- **Instructions to follow**
Look for the word "ezdxf" in the entries and copy every line where it shows up.

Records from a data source
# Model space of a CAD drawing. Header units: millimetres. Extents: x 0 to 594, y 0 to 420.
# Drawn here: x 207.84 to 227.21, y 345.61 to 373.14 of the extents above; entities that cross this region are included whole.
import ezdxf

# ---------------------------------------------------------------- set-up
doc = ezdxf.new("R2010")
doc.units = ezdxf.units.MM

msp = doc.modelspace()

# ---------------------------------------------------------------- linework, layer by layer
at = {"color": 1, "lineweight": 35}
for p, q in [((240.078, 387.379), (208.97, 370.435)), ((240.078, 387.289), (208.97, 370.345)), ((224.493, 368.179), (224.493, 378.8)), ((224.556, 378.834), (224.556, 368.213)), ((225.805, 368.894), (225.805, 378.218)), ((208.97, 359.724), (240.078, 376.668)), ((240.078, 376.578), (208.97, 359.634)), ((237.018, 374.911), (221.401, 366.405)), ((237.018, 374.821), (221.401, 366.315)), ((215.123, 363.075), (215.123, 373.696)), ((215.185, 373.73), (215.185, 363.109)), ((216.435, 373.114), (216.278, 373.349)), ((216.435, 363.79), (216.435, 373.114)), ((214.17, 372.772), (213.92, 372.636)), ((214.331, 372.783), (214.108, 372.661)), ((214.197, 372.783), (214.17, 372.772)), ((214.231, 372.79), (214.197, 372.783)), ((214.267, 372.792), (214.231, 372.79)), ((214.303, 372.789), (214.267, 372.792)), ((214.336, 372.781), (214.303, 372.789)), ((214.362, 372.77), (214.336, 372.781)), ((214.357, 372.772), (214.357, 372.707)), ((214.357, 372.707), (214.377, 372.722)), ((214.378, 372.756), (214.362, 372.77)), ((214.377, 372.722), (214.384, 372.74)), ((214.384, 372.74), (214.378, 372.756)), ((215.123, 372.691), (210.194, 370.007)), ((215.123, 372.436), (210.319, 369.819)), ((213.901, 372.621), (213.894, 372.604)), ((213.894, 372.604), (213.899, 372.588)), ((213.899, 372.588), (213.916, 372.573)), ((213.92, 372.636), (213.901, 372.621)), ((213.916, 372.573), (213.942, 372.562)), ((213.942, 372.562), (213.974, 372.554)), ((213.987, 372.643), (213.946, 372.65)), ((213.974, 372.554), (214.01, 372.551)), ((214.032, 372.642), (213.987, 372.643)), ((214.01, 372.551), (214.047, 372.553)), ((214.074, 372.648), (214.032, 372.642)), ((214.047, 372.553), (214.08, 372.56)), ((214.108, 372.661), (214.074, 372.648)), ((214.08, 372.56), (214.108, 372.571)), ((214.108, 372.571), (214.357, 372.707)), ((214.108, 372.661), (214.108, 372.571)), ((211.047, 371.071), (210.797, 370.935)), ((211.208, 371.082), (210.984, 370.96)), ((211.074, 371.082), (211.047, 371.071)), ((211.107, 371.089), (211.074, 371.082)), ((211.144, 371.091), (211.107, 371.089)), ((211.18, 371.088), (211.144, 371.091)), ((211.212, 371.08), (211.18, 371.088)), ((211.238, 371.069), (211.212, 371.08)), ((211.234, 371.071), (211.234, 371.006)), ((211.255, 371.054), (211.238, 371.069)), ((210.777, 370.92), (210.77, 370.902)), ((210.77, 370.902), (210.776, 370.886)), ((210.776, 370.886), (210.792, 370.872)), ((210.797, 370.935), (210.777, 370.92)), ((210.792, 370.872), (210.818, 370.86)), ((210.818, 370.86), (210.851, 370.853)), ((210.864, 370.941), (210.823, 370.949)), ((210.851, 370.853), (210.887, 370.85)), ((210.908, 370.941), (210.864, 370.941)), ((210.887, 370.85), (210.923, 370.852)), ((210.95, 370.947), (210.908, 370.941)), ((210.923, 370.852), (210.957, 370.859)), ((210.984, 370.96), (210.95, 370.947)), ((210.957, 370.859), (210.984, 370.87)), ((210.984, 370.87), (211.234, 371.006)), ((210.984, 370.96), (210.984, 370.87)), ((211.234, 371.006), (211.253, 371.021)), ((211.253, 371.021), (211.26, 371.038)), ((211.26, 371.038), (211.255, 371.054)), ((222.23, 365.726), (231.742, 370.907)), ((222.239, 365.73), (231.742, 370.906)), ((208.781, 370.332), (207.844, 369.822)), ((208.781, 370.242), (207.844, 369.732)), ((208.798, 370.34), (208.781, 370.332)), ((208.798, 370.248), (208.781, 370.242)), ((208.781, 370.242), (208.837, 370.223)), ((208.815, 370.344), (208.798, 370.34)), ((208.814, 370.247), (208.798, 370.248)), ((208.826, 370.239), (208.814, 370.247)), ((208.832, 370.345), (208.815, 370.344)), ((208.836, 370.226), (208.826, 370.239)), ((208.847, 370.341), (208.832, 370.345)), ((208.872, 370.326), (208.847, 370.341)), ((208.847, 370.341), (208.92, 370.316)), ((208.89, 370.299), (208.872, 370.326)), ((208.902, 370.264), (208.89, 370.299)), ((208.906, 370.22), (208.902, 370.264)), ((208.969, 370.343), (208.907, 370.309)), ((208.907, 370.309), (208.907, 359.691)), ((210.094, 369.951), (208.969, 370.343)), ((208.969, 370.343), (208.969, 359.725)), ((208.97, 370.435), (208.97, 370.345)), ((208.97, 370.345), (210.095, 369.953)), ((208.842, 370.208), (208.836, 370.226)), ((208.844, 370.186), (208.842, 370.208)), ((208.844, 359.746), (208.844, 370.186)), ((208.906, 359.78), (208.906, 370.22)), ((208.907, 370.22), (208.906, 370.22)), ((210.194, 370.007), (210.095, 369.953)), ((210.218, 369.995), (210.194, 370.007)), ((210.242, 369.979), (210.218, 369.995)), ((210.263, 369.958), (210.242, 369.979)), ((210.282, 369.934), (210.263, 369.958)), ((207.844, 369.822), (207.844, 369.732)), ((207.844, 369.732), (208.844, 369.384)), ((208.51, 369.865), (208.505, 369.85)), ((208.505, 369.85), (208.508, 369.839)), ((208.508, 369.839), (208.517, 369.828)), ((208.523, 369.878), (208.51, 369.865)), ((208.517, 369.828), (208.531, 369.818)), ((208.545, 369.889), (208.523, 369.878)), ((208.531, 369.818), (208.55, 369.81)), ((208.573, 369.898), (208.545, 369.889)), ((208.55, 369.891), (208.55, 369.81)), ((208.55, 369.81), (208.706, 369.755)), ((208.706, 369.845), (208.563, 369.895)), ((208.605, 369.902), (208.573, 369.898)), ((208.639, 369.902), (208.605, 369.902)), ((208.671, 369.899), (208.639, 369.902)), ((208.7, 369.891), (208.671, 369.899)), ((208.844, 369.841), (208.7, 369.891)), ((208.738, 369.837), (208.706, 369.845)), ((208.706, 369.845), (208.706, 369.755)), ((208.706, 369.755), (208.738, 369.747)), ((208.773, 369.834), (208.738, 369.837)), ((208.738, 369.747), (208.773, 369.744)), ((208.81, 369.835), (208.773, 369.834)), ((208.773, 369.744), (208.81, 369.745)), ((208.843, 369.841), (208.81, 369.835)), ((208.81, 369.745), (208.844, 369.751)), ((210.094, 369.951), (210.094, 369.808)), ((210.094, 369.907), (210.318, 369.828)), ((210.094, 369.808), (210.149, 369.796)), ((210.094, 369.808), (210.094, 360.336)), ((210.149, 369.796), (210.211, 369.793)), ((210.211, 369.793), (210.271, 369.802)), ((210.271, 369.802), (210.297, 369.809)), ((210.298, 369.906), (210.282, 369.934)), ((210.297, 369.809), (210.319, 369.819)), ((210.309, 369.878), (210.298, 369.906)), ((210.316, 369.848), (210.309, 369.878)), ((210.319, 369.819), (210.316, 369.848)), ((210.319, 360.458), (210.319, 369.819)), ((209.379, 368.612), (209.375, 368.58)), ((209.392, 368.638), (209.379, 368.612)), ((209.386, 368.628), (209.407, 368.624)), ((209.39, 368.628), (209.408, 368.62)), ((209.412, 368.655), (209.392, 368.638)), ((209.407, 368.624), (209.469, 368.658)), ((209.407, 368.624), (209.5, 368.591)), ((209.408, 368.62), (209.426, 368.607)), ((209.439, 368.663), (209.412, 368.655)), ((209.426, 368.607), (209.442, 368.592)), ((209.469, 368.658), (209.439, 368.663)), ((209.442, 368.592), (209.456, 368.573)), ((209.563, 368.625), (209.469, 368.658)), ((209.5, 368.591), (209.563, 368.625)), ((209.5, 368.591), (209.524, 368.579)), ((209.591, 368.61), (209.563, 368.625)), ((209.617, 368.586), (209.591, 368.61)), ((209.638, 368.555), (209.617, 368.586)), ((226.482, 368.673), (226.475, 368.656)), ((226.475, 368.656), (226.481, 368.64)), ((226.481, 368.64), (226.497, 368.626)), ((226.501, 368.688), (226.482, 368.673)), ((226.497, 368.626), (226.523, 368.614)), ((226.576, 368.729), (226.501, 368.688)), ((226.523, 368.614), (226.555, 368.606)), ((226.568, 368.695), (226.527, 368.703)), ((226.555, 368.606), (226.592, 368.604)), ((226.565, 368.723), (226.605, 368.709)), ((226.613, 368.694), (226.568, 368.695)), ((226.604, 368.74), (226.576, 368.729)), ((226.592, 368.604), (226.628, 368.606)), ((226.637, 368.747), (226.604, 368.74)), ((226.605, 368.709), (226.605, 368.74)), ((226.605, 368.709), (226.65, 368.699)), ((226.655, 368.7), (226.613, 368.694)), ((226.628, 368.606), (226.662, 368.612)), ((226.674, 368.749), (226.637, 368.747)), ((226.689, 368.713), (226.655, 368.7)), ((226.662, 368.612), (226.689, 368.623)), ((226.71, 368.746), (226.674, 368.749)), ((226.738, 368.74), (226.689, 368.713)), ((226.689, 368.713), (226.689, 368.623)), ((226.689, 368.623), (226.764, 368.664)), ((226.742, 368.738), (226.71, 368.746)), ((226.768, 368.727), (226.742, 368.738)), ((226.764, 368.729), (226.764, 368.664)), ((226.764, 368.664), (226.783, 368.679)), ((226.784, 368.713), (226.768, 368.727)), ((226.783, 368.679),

- **Task output**
import ezdxf
doc = ezdxf.new("R2010")
doc.units = ezdxf.units.MM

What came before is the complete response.